A man has recently appeared in court, charged with murdering his wife – all because the victim’s Fitbit tracker contradicted his version of events.

Richard Dabate claimed that a masked intruder broke into his Connecticut home, shot his wife, then tied him up and tortured him.

Sounds horrific. But police were doubtful about the sequence of events.
Dabate said he had left for work, and not long afterwards his wife had gone to a fitness class – with her Fitbit on her waistband. Then Dabate returned home between 8.45am and 9am because he had forgotten his laptop.

Then he had spotted the intruder: tall and stocky, wearing a “camouflaged suit with a mask.” He heard his wife return home and yelled for her to run. But after a brief struggle, the intruder shot the wife, killing her. Dabate was then half tied to a chair and burned with a torch. He struggled, and tussled with his assailant, managing to turn the torch on him. The intruder dropped the torch and ran off. Dabate was able to crawl upstairs (with the chair still attached to his wrist) and call 911. By then, it was 10.11am.

At first, police took his report at face value, and searched the area. They used dogs to look for evidence that someone had fled the property. But they didn’t find anybody, nor was there any indication that the house had been broken into.

So they turned to the technology, obtaining search warrants for Connie Dabate’s Fitbit, both of their cell phones, their computers and the house alarm logs. Synchronizing the logs, they found that Dabate’s story just didn’t add up. Among the things they found:

  • At 9:01 a.m. Richard Dabate logged into Outlook from an IP address assigned to the internet at the house.
  • At 9:04 a.m., Dabate sent his supervisor an e-mail saying an alarm had gone off at his house and he’s got to go back and check on it.
  • Connie’s Fitbit registered movement at 9:23 a.m., the same time the garage door opened into the kitchen.
  • Connie Dabate was active on Facebook between 9:40 and 9:46 a.m., posting videos to her page with her iPhone. She was utilizing the IP address at their house.
  • While she was at home, her Fitbit recorded a distance of 1,217 feet between 9:18 a.m. and 10:05 a.m. when movement stops.
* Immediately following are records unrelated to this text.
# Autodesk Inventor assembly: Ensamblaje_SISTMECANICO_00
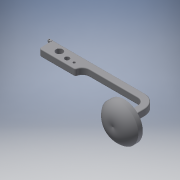
[picture p0: Inventor's stored thumbnail of the model, 180x180]
Saved by Autodesk Inventor 2019.4 (Build 234330000, 330)
## iProperties
Created: 2020-08-24
Part Number: Ensamblaje_SISTMECANICO_00
Document SubType Name: Assembly
Designer: crist
Author: crist
## Documents named in this file (4)
- C:\Users\crist\Desktop\Ensamblaje_SISTMECANICO_00.iam
- C:\Users\crist\Desktop\BALSA_UNDIMOTRIZ\ENSAMBLE_BALSA_UNDIMOTRIZ.iam
- C:\Users\crist\Desktop\BRAZO_UNDIMOTRIZ\EnsamblajE_BRAZO_Y_SUJECIONES.iam
- C:\Users\crist\Desktop\pasador_undimotriz.ipt
## Components (3 placed, 3 different names)
1. ENSAMBLE_BALSA_UNDIMOTRIZ:1 [sub-assembly] — Rígido:1
2. EnsamblajE_BRAZO_Y_SUJECIONES:1 [sub-assembly] — Rígido:1, Rígido:2
3. pasador_undimotriz:1 — Rígido:2
## Relationships (2: WeldJoint 2)
- Rígido:1 [WeldJoint]: ENSAMBLE_BALSA_UNDIMOTRIZ:1 ↔ EnsamblajE_BRAZO_Y_SUJECIONES:1
- Rígido:2 [WeldJoint]: EnsamblajE_BRAZO_Y_SUJECIONES:1 ↔ pasador_undimotriz:1
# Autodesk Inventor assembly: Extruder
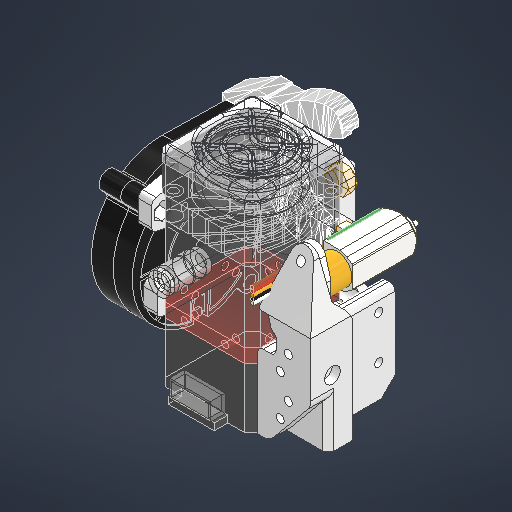
[picture p0: Inventor's stored thumbnail of the model, 512x512]
Saved by Autodesk Inventor 2026.2 (Build 302298000, 298)
## iProperties
Created: 2026-03-27
Part Number: Extruder
Document SubType Name: Assembly
Designer: gaoet
Author: gaoet
## Documents named in this file (7)
- C:\Users\gaoet\OneDrive\Desktop\Scissor 3D Printer\Extruder.iam
- C:\Users\gaoet\OneDrive\Desktop\Scissor 3D Printer\Hotend\Hotend\Hotend.ipt
- C:\Users\gaoet\OneDrive\Desktop\Scissor 3D Printer\Hotend\Fan_Duct.ipt
- C:\Users\gaoet\OneDrive\Desktop\Scissor 3D Printer\Radial-Cooling-Fan-5015-DC12V\Radial-Cooling-Fan-5015-DC12V\Radial-Cooling-Fan-5015-DC12V.ipt
- C:\Users\gaoet\OneDrive\Desktop\Scissor 3D Printer\BLTouch-Smart V3.1\BLTouch-Smart V3.1\BLTouch-Smart V3.1.ipt
- C:\Users\gaoet\OneDrive\Desktop\Scissor 3D Printer\ExtruderMount.ipt
- C:\Users\gaoet\OneDrive\Desktop\Scissor 3D Printer\FanMountV2.ipt
## Components (6 placed, 6 different names)
1. Hotend:1 — Insert:7, Mate:1, Insert:10, Insert:11
2. Fan_Duct:1 — Angle:2, Insert:12, Mate:4
3. Radial-Cooling-Fan-5015-DC12V:1 — Angle:2, Mate:2, Mate:3, Mate:4
4. ExtruderMount:1 — Insert:7, Mate:1, Insert:8, Insert:9
5. BLTouch-Smart V3.1:1 — Insert:8, Insert:9
6. FanMountV2:1 — Insert:10, Insert:11, Insert:12, Mate:2, Mate:3
## Relationships (11: Insert 6, Mate 4, Angle 1)
- Angle:2 (180 deg): Fan_Duct:1 ↔ Radial-Cooling-Fan-5015-DC12V:1
- Insert:7: Hotend:1 ↔ ExtruderMount:1
- Mate:1: Hotend:1 ↔ ExtruderMount:1
- Insert:8: ExtruderMount:1 ↔ BLTouch-Smart V3.1:1
- Insert:9: ExtruderMount:1 ↔ BLTouch-Smart V3.1:1
- Insert:10: Hotend:1 ↔ FanMountV2:1
- Insert:11: Hotend:1 ↔ FanMountV2:1
- Insert:12: Fan_Duct:1 ↔ FanMountV2:1
- Mate:2: Radial-Cooling-Fan-5015-DC12V:1 ↔ FanMountV2:1
- Mate:3: Radial-Cooling-Fan-5015-DC12V:1 ↔ FanMountV2:1
- Mate:4: Fan_Duct:1 ↔ Radial-Cooling-Fan-5015-DC12V:1
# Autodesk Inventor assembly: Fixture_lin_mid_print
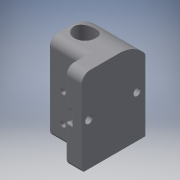
[picture p0: Inventor's stored thumbnail of the model, 180x180]
Saved by Autodesk Inventor 2019.3 (Build 233278000, 278)
## iProperties
Created: 2020-08-27
Part Number: Fixture_lin_mid_print
Material: Generisch
Document SubType Name: Assembly
Designer: Nicolas Frick
Author: Nicolas Frick
## Documents named in this file (2)
- C:\Users\Nicolas Frick\Sync\OneDrive\airhockeybot\mechanical_design\common_cad_parts\print_models\Fixture_lin_mid_print.iam
- C:\Users\Nicolas Frick\Sync\OneDrive\airhockeybot\mechanical_design\inventor\Fixture_linear_mid.ipt
## Components (1 placed, 1 different names)
1. Fixture_linear_mid:1 — Passend:1, Passend:2, Fluchtend:1
## Relationships (3: Mate 2, Flush 1)
- Passend:1 [Mate]: Fixture_linear_mid:1
- Passend:2 [Mate]: Fixture_linear_mid:1
- Fluchtend:1 [Flush]: Fixture_linear_mid:1

All of this meant that Connie couldn’t have been killed as soon as she entered the house. Dabate was lying about the sequence of events.

It wasn’t just the Fitbit that made police suspicious. Five days after the incident, Dabate attempted to make a claim of $475,000 on his wife’s life insurance police. He also admitted later to having an affair with another woman, who he had made pregnant.

Dabate’s lawyer says he is innocent of all charges, but it sure looks like the technology speaks against him.